The results of the soil moisture-based drought warning assessment are presented as follows: section 3.1 describes the overall accuracy of soil moisture-based drought warnings, while section 3.2 describes the effectiveness of soil moisture more specifically for flash drought early warning.

3 Results

3.1 Drought Early Warning Assessment

The onset (week) of drought based on the USDM is compared with the onset based on soil moisture. A drought event is defined based on both duration and severity criteria. Drought comparison statistics, including the number of drought events identified in the USDM record and the average lead time, maximum lead time, and minimum lead time for events correctly identified using the 5 cm and 25 cm soil moisture, are included in supporting information Table S1. A lead time of 1 week means the 5 cm or 25 cm soil moisture record identified the drought event 1 week before the USDM record.
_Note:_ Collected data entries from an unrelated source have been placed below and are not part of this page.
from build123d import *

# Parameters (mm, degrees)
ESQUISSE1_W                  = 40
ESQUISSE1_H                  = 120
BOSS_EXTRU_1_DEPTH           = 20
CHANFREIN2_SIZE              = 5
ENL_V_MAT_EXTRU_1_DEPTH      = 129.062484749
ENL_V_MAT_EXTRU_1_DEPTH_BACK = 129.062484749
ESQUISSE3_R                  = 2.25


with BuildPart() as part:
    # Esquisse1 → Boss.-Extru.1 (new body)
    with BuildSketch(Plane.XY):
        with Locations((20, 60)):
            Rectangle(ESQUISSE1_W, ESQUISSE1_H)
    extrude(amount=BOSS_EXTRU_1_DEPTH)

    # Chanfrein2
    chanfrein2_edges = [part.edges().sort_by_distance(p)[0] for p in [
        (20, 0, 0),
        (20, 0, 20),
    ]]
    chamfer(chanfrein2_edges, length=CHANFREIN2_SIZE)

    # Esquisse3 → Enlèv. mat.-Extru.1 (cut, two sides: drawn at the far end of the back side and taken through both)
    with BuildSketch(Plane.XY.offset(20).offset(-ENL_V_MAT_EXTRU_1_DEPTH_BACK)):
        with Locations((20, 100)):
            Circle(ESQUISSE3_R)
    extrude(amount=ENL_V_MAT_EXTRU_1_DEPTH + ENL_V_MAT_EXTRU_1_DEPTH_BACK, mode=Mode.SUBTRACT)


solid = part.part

Drought comparison information is separated by duration/severity criteria into (1) D0 for four consecutive weeks, (2) D1 for four consecutive weeks, (3) D0 for six consecutive weeks, and (4) D1 for six consecutive weeks (Table S1). The number of drought events is relatively consistent across all climate divisions, with the exception of the longest-lasting, most severe events (D1/6 weeks), which never occurred in climate divisions 6 (east central) and 9 (southeast). The average lead times for the 5 cm measurements are consistently longest in the Panhandle climate division, ranging from 4 to 5 weeks. The average lead time for drought early warning in the other climate divisions ranged from 1 to 4 weeks. For the 25 cm soil moisture measurements, the Panhandle lead times are shorter, while lead times in west central, east central, and south central divisions are longer.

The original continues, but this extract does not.